I drifted slowly into consciousness the next morning, hearing fragments of the night before — a few minutes of the Slip’s set would fade up and then disappear, a little bit of viperHouse, then the same bit… sounding a little bit different. I had crashed out at the apartment of one of the folks from Live Archives — a self-described group of expatriates from Rykodisc who had split off to found their own record company devoted to live releases. They had recorded the previous night’s show on no less than four separate microphones — plus a board feed, I think. They spent the morning comparing notes and tapes to see whose tapes sounded fuller, richer, livelier… better. It should be noted that the Live Archives crew was along for the ride, for the whole tour, taping all of the gigs in preparations for a JamBands.com compilation disc intended to be released later this summer. If anywhere near all of the best performances I witnessed during my four nights of tour make it onto the CD, it’s gonna be one helluva disc.

After a morning of cruising the streets near the apartment, we crammed five into a car and headed down to Towson. Driving through the hip, collegiate-looking streets, we looked out for a club… or something. None of us had ever been to the Recher. It took a moment to register when we finally saw it, but finally came upon a large old-style theater marquee that read, in big friendly letters: “TONIGHT: the Disco Biscuits”. Like many places around the country – including the TLA – the Recher began life as a movie theater. Inside the venue, one can turn around, look at the wall in the back of the room, and see the projection booth. The seats are, of course, gone now — made way for ample dancing room. Still, walking through the front door, I almost expected to small popcorn as I entered the performance space. The venue did have a nice concession stand, though, from which I later purchased my tasty, albeit somewhat pricey, dinner. Seeing shows in buildings that are icons of a bygone era provides a host of interesting contrasts. It’s a whole different kind of entertainment.

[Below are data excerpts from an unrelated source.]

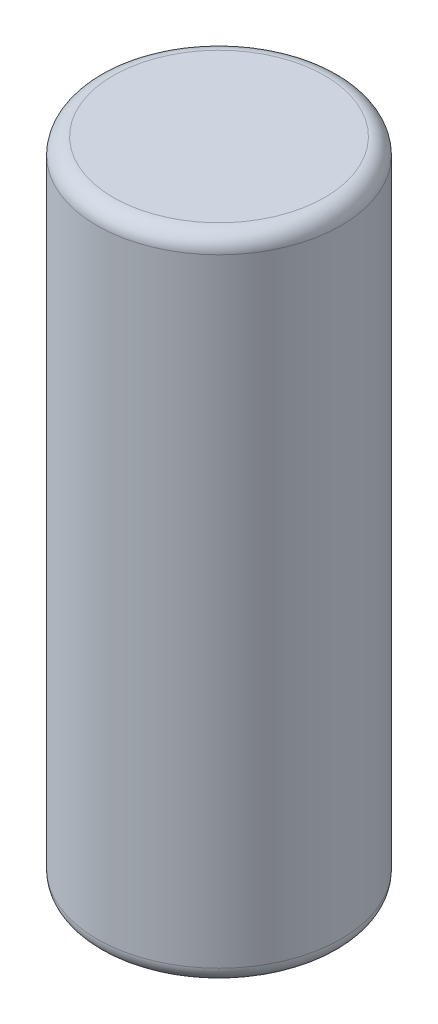
SolidWorks part; units mm, degrees
material "Plain Carbon Steel"
ref_plane "Front Plane" through (0, 0, 0) normal (0, 0, 1) x (1, 0, 0)
ref_plane "Top Plane" through (0, 0, 0) normal (0, 1, 0) x (1, 0, 0)
ref_plane "Right Plane" through (0, 0, 0) normal (1, 0, 0) x (0, 0, -1)
sketch "Sketch1" plane through (0, 0, 0) normal (0, 1, 0) x (1, 0, 0)
  circle A0 centre (0, 0) radius 75
  dimension "D1" = 150
extrude "Boss-Extrude1" add sketch "Sketch1" along normal blind 400
fillet "Fillet1" radius 10 1 edges at (0, 400, 75)
fillet "Fillet2" radius 10 1 edges at (0, 0, 75)
ref_plane "Plane1" through (0, 0, 90) normal (0, 0, 1) x (1, 0, 0)
sketch "Sketch2" plane through (0, 400, 0) normal (0, 1, 0) x (1, 0, 0)
  line L0 (0, 0) -> (0, 200.0952) construction
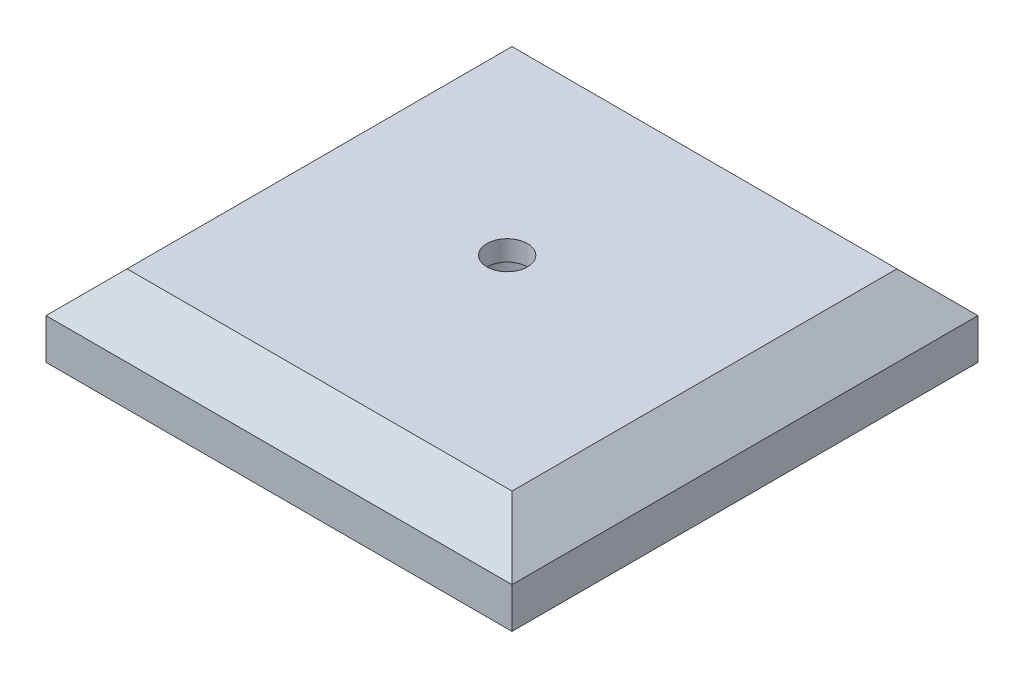
SolidWorks part; units mm, degrees
ref_plane "Front Plane" through (0, 0, 0) normal (0, 0, 1) x (1, 0, 0)
ref_plane "Top Plane" through (0, 0, 0) normal (0, 1, 0) x (1, 0, 0)
ref_plane "Right Plane" through (0, 0, 0) normal (1, 0, 0) x (0, 0, -1)
sketch "Sketch1" plane through (0, 0, 0) normal (0, 1, 0) x (1, 0, 0)
  line L1 (0, 0) -> (-2875, 0)
  line L2 (0, 0) -> (0, -2875)
  line L3 (0, -2875) -> (-2875, -2875)
  line L4 (-2875, 0) -> (-2875, -2875)
  point P5 (0, 0)
extrude "Boss-Extrude1" add sketch "Sketch1" along normal blind 500 contours L2 L1 L4 L3
sketch "Sketch2" plane through (0, 500, 0) normal (0, 1, 0) x (1, 0, 0)
chamfer "Chamfer1" distance 250 distance2 250 4 edges at (-2875, 500, 1437.5) (-1437.5, 500, 0) (0, 500, 1437.5) (-1437.5, 500, 2875)
hole_wizard "Hole2" positions "Sketch5" profile "Sketch6" legacy end condition through all
sketch "Sketch5" plane through (0, 500, 0) normal (0, 1, 0) x (1, 0, 0)
  point P0 (-1524.9552, -1379.8128)
  point P3 (-1524.9552, -1379.8128)
sketch "Sketch6" plane through (-1524.9552, 500, 1379.8128) normal (1, 0, 0) x (0, 0, 1)
  line L0 (0, 0) -> (0, 500)
  line L1 (0, 500) -> (250, 500)
  line L3 (250, 500) -> (250, 125)
  line L4 (250, 125) -> (125, 125)
  line L5 (125, 125) -> (125, 0)
  line L7 (125, 0) -> (0, 0)
  line L11 (0, -6.35) -> (0, 107.95) construction
  dimension "Thru Hole Dia." = 500
  dimension "Thru Hole Depth" = 500
  dimension "C'Bore Dia." = 250
  dimension "C'Bore Depth" = 125

The bill that night, in order, was Jiggle the Handle, the Slip, Moon Boot Lover, Percy Hill, and the Disco Biscuits. Inside, and in the loading area just outside the side door to the theater, band members milled about socializing. Again, Dean, Butch, and Oteil seemed to be omniscient. Members of the Walther Productions crew wandered around, helping everything to run smoothly. Weeks earlier, at the All Good, the Disco Biscuits set was unfortunately canceled due to the collapse of onstage lighting rig. The Recher offered three dollars off at the door for anybody who presented an All Good ticket stub. I soon discovered that Walther Productions even had employees paid specifically to work the merch table. How nice for me! I got to wander around and enjoy the show.

When Jiggle the Handle took the stage, shortly after doors, the bulk of the people inside seemed to be members of various bands or their respective crews. Jiggle plowed through a tightly played 45-minute set. Most were afraid to cross the boundary into the area directly in front of the stage. As a result, the dance floor seemed to be a moat between the band and the crowd.

BEGIN INTERLUDE

An interlude: As I was writing the above section, I was interrupted by a phone call from fellow JamBands columnist Carol Wade, who wrote a similar tour journal for Dupree’s Diamond News about the first incarnation of the Merry Danksters, whose debut tour was held exactly two years previous to the JamBands.com festivities. She sympathized with me. “Tour journals are impossible to edit. Everything that happened seems significant… to you, anyway. Like… like that squirrel you saw… it means something…”

“Yeah,” I said. “Somehow the squirrel is symbolic of the whole tour…”

“…the squirrel shook his tail…”

“…and it was symbolic of Oteil shaking his rump on the stage.”